[Input for this task Boundary: Start]

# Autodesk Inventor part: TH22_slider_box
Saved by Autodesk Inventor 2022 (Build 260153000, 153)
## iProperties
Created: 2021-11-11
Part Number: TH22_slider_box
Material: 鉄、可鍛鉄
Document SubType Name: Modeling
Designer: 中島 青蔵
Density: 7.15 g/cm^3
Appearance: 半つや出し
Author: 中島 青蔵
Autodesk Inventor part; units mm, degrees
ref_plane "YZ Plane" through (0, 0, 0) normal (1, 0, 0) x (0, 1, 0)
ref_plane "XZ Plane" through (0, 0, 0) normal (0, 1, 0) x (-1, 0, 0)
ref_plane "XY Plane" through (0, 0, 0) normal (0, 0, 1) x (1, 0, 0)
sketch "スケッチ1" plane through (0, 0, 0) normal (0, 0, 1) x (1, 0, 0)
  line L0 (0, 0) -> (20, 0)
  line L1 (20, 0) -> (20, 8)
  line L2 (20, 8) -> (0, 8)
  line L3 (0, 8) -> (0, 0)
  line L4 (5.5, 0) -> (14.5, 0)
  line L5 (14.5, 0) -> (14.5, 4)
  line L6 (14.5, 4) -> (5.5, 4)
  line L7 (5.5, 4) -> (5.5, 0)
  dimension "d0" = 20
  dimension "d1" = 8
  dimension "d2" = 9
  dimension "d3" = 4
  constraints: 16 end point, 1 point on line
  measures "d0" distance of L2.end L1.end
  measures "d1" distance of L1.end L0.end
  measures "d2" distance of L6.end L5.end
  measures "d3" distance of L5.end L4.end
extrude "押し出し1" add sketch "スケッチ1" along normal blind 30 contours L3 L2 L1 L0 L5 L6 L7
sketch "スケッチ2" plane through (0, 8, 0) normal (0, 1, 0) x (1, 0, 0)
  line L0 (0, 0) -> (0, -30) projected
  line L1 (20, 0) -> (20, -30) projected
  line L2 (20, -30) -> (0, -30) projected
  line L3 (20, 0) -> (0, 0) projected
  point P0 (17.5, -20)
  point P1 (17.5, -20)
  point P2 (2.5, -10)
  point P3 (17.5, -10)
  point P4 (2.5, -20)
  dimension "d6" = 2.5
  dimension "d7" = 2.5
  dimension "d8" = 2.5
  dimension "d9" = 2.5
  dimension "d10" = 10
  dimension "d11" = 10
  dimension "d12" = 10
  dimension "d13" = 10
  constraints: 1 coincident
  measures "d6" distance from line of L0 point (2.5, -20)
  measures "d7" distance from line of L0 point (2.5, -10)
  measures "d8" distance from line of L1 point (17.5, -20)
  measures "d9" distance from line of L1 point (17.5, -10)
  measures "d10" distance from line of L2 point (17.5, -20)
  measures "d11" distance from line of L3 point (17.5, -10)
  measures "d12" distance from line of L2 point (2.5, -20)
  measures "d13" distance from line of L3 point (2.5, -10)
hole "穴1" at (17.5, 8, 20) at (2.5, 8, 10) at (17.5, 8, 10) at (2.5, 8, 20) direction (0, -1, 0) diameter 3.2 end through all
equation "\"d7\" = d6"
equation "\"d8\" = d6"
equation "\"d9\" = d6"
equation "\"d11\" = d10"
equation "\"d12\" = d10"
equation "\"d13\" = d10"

[Input for this task Boundary: End]

**Exercise description**
Only the lines above starting at the one containing "of L5.end L4.end" and ending at the one containing "point P3 (17.5, -10)", both included, are to be returned, exactly as they read.

**Written solution**
  measures "d3" distance of L5.end L4.end
extrude "押し出し1" add sketch "スケッチ1" along normal blind 30 contours L3 L2 L1 L0 L5 L6 L7
sketch "スケッチ2" plane through (0, 8, 0) normal (0, 1, 0) x (1, 0, 0)
  line L0 (0, 0) -> (0, -30) projected
  line L1 (20, 0) -> (20, -30) projected
  line L2 (20, -30) -> (0, -30) projected
  line L3 (20, 0) -> (0, 0) projected
  point P0 (17.5, -20)
  point P1 (17.5, -20)
  point P2 (2.5, -10)
  point P3 (17.5, -10)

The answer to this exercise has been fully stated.